The 2015 Underhanded C Contest Has Begun
Xcott Craver writes: The 8th Underhanded C Contest is now underway. The goal of the Underhanded C Contest is to write C code that is as readable, clear, innocent and straightforward as possible, but which performs some malicious function that is not obvious from looking at the source code. This year's challenge is based on a real problem in joint development for nuclear treaty verification, and the prize is $1000.
I'm trying to remember where I first saw this function (I think it's a pretty common example for security coding seminars):
int passwordCompare(char* enteredPassword, char* validPassword) {
int i;
for (i = 0; (len(enteredPassword) > i) && (enteredPassword[i] == validPassword[i]; ++i) {
}
if (len(enteredPassword) == i) { /* true */ /* false */
return -1;
}
else {
return 0;
}
}
but, I would imagine that it would qualify as an example for the contest. I don't think it was originally designed to be malicious, but more of a coding error.
I would expect most of the entries in the contest would be of this variety, something that a (new) coder has put in that works for basic test cases, but has a serious flaw...
Mimetics Inc. Twitter
This contest concerns underhanded C, not C++. There would be little point in an underhanded C++ contest.
C is a trivially simple language, with a very small syntax and a very narrow set of semantics. As a result, you have to work pretty hard to make ordinary C contain hidden functionality --- usually this requires abusing the C preprocessor, because the C grammar itself doesn't provide much room for hiding things.
C++ is at the other end of the complexity scale, being the language with the largest syntax and the most extremely complex semantics of any programming language on the planet.
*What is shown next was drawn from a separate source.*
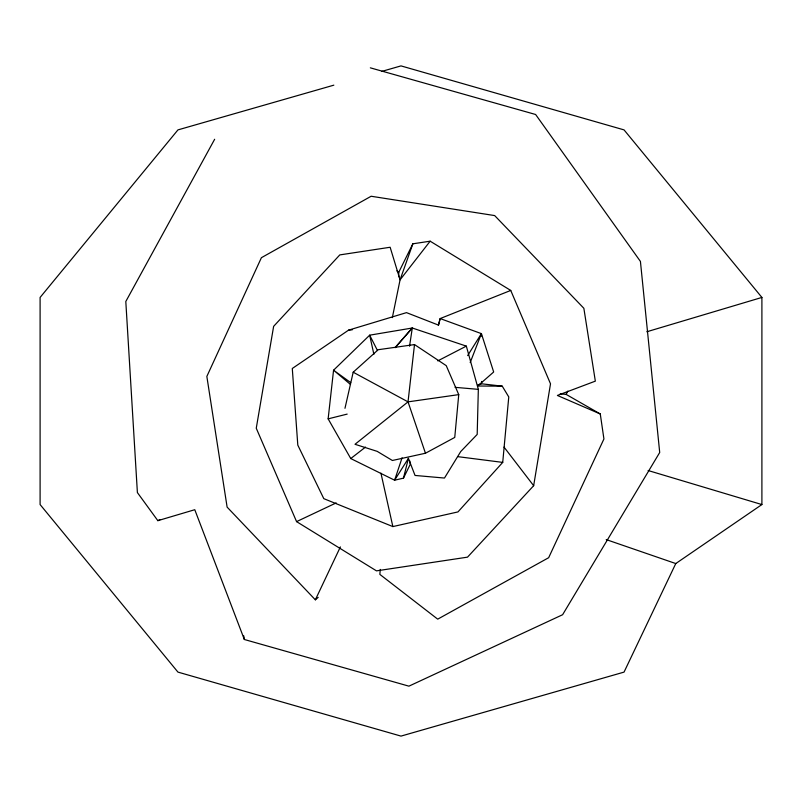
<?xml version="1.0" encoding="UTF-8"?>
<svg xmlns="http://www.w3.org/2000/svg" width="802" height="802" viewBox="0 0 802 802"><rect width="100%" height="100%" fill="white"/><g stroke="black" fill="none" stroke-linecap="round" stroke-linejoin="round"><path stroke-width="1.2" d="M381.812 71.398L401 65.894L624.046 129.894L761.9 297.442L761.9 504.558L675.775 563.555L624.046 672.106L401 736.106L177.954 672.106L40.1 504.558L40.1 297.442L177.954 129.894L333.843 85.162M398.684 276.74L398.774 272.229L412.86 243.808L430.153 241.191L510.744 290.434L550.513 383.827L533.661 485.701L467.516 557.149L376.479 570.864L296.57 521.621L256.259 428.218L273.632 326.344L339.787 254.906L390.143 247.257L400.068 279.838L392.338 317.632M478.333 389.351L477.19 434.433L460.749 451.526L444.468 478.052L415.035 475.446L408.418 458.353L394.604 480.197L350.755 458.554L328.138 418.855L333.562 370.213L369.672 335.176L412.298 328.008L466.333 346.123L478.333 389.351L455.055 387.336M380.268 569.41L379.857 574.392L437.712 619.154L548.658 557.711L603.926 438.965L600.277 413.972L566.112 394.383L560.187 393.872M458.744 394.624L454.754 437.421L425.461 453.24L392.378 460.488L377.201 451.366L355.005 444.288L408.028 401.862L458.744 394.624L446.243 365.652L414.504 344.579L378.223 349.712L353.191 372.218L344.97 408.318M510.744 290.434L440.158 318.564L438.493 325.111L406.494 312.63L348.559 330.153L292.289 368.489L297.803 445.12L323.797 498.654L392.86 526.583L457.962 511.917L502.724 462.393L508.769 396.94L502.242 386.163L481.39 383.777L478.002 384.91M425.461 453.24L408.028 401.862L414.504 344.579M481.39 383.777L481.721 381.451M409.541 346.203L412.298 328.008L395.065 347.667M402.083 457.782L394.604 480.197L403.466 478.142L408.418 458.353M438.393 325.452L440.158 318.564L481.411 333.632L493.671 371.998L477.681 386.013L502.242 386.163M412.86 243.808L400.068 279.838L430.153 241.191M470.193 362.564L481.411 333.632L481.501 336.108M600.277 413.972L557.37 395.446L595.335 381.14L583.856 308.289L494.664 215.578L371.136 196.249L261.402 257.693L206.846 376.429L227.116 507.115L315.356 599.826L340.379 546.904M403.466 478.142L410.223 464.368L409.712 460.799M566.112 394.383L567.836 391.105M214.645 139.267L125.804 301.502L137.393 492.578L157.844 520.668L194.776 509.711L244.339 639.495L408.91 686.161L562.613 614.723L659.705 452.498L640.427 261.422L535.626 114.496L370.344 67.839M467.666 355.587L481.411 333.632M395.246 347.547L412.298 328.008M315.356 599.826L318.183 597.37M350.755 458.554L365.501 447.095M437.782 360.88L466.333 346.123M157.844 520.668L160.079 519.546M296.57 521.621L336.178 502.914M646.823 331.757L761.9 297.442M328.138 418.855L347.176 414.103M348.559 330.153L352.268 329.802M458.062 456.689L502.724 462.393M648.106 470.513L761.9 504.558M606.222 539.596L675.775 563.555M353.191 372.218L408.028 401.862M396.84 270.886L398.774 272.229M350.725 382.634L333.562 370.213L350.524 384.489M504.037 447.125L533.661 485.701M377.481 350.534L369.672 335.176L373.882 354.324M380.93 473.14L392.86 526.583M243.738 635.806L244.339 639.495"/></g></svg>

It took that crown from Ada many decades ago, and it hasn't stopped growing since.
Because of C++'s huge size in every respect, C++ programmers tend to develop their own preferred subsets of the language, and they stick with that subset throughout their lives. There's nothing wrong with that (indeed, it's probably the only way of working with C++), but it has the consequence that one person's clear C++ is another person's incomprehensible C++.
That makes writing underhanded C++ a rather pointless exercise.